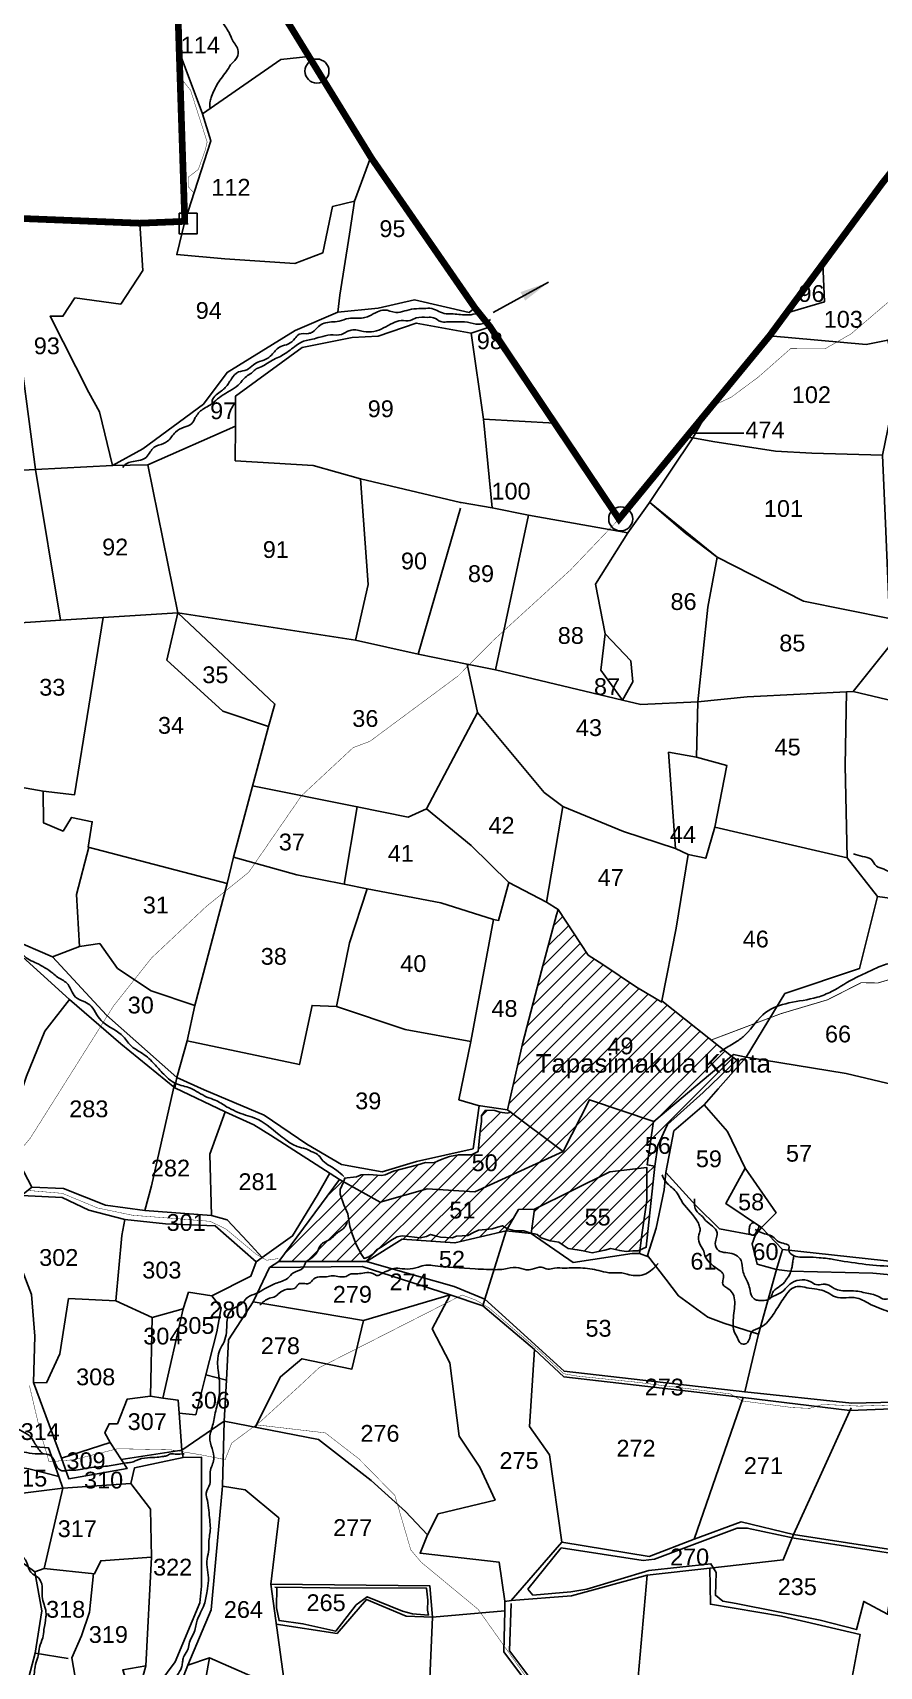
# Model space of a CAD drawing. Header units: feet. Extents: x 182083 to 187049, y 1571345 to 1577743.
# Drawn here: x 183350 to 184359, y 1574657 to 1576603 of the extents above; entities that cross this region are included whole.
import ezdxf
from ezdxf.enums import TextEntityAlignment as Align

# ---------------------------------------------------------------- set-up
doc = ezdxf.new("R2010")
doc.units = ezdxf.units.FT
doc.header["$LTSCALE"] = 15
doc.header["$MEASUREMENT"] = 0
doc.linetypes.add('ACAD_ISO02W100', pattern=[15, 12, -3])
doc.linetypes.add('HIDDEN2', pattern=[0.1875, 0.125, -0.0625])
for name, color, linetype in [('HILL', 223, 'Continuous'), ('PLOT', 7, 'Continuous'), ('PLOT NO', 7, 'Continuous'), ('ROADS', 6, 'ACAD_ISO02W100'), ('TANKS-STREAM', 4, 'Continuous'), ('TEXT', 1, 'Continuous'), ('VILLAGE STONES', 240, 'Continuous')]:
    doc.layers.add(name, color=color, linetype=linetype)
doc.layers.add('VILLAGE BOUNDRY', color=5, linetype='HIDDEN2', lineweight=100)
doc.styles.get("Standard").update_dxf_attribs({"font": 'arial.ttf'})
doc.linetypes.add('DOTS', pattern='A,1e-06,-3,["●",Standard,S=3,R=0,X=-1.25,Y=-1.25],-3', length=6.000001)
doc.dimstyles.get("Standard").update_dxf_attribs({"dimtxt": 0.18, "dimasz": 35, "dimexe": 0.18, "dimexo": 0.0625, "dimgap": 0.09, "dimtad": 0, "dimtih": 1, "dimtoh": 1, "dimdec": 4, "dimzin": 0, "dimdsep": 46, "dimtxsty": 'Standard', "dimcen": 0.09, "dimadec": 0, "dimazin": 0, "dimtfac": 1, "dimtdec": 4, "dimtofl": 0, "dimtmove": 0, "dimatfit": 3, "dimfxl": 0, "dimtolj": 1, "dimtzin": 0, "dimarcsym": 0})

msp = doc.modelspace()

# ---------------------------------------------------------------- hatches: boundary and pattern name
at = {"layer": 'TANKS-STREAM', "lineweight": -3}
h = msp.add_hatch(dxfattribs=at)
h.set_pattern_fill('ANSI31', color=256, scale=100)
h.paths.add_polyline_path([(183933.7, 1575398.3), (183915.9, 1575319.9), (183982.2, 1575270.3), (184013.6, 1575331.9), (184090.4, 1575305.8), (184182.7, 1575383.8), (184106.4, 1575444.5), (184069.5, 1575465.9), (184029.6, 1575492.9), (184012, 1575504.2), (183976.4, 1575558.7), (183974.5, 1575552.2), (183956.5, 1575485.4)])
h.paths.add_polyline_path([(184029.8, 1575380.5), (184071.1, 1575380.5), (184071.1, 1575411.2), (184029.8, 1575411.2)], flags=24)
h = msp.add_hatch(dxfattribs=at)
h.set_pattern_fill('ANSI31', color=256, scale=100)
h.paths.add_polyline_path([(184149.2, 1575340.5), (184189.1, 1575379.2), (184182.7, 1575383.8), (184090.4, 1575305.8), (184090, 1575305.9), (184082.4, 1575254.2), (184091.6, 1575252.7), (184095.1, 1575277.4), (184106.4, 1575302.3)])
h.paths.add_polyline_path([(184074.4, 1575261.9), (184115.7, 1575261.9), (184115.7, 1575292.6), (184074.4, 1575292.6)], flags=9)
h = msp.add_hatch(dxfattribs=at)
h.set_pattern_fill('ANSI31', color=256, scale=100)
h.paths.add_polyline_path([(184037.7, 1575246.1), (184082, 1575251), (184082.1, 1575212.1), (184076.6, 1575173.7), (184073.8, 1575152.8), (184081.3, 1575156), (184091.6, 1575252.7), (184082.4, 1575254.2), (184090, 1575305.9), (184013.6, 1575331.9), (183982.2, 1575270.3), (183877.2, 1575222.3), (183820.2, 1575225.7), (183764.4, 1575209.8), (183715.8, 1575236.9), (183643.6, 1575139.2), (183748.2, 1575139.1), (183790.3, 1575165.8), (183853.3, 1575161.2), (183914.3, 1575175.8), (183929.1, 1575201.2), (183948.3, 1575201.4)])
h.paths.add_polyline_path([(184074.4, 1575261.9), (184115.7, 1575261.9), (184115.7, 1575292.6), (184074.4, 1575292.6)], flags=9)
h.paths.add_polyline_path([(183841.5, 1575184.9), (183882.8, 1575184.9), (183882.8, 1575215.5), (183841.5, 1575215.5)], flags=24)
h = msp.add_hatch(dxfattribs=at)
h.set_pattern_fill('ANSI31', color=256, scale=100)
h.paths.add_polyline_path([(183919.7, 1575317), (183915.6, 1575315.9), (183906.8, 1575316.9), (183900.7, 1575319.2), (183889.8, 1575319.4), (183885.1, 1575312.9), (183885.1, 1575305.8), (183883.5, 1575295), (183881.1, 1575270.3), (183873, 1575266.4), (183857.5, 1575266.3), (183846.9, 1575264.1), (183838.1, 1575261.2), (183833.3, 1575258.9), (183828.4, 1575256.5), (183818.2, 1575257.2), (183809, 1575254.2), (183780.3, 1575246.9), (183770.3, 1575242.3), (183765.7, 1575241.4), (183750.9, 1575242.7), (183741.8, 1575242.2), (183736, 1575240), (183722.3, 1575238.6), (183720.9, 1575234.1), (183764.4, 1575209.8), (183820.2, 1575225.7), (183877.2, 1575222.3), (183982.2, 1575270.3)])
h = msp.add_hatch(dxfattribs=at)
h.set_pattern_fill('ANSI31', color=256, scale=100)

====

(Activity) Repeat the listing above up to and including the line with "import ezdxf", starting from its first line. Drop any pictures.

(Response area)
# Model space of a CAD drawing. Header units: feet. Extents: x 182083 to 187049, y 1571345 to 1577743.
# Drawn here: x 183350 to 184359, y 1574657 to 1576603 of the extents above; entities that cross this region are included whole.
import ezdxf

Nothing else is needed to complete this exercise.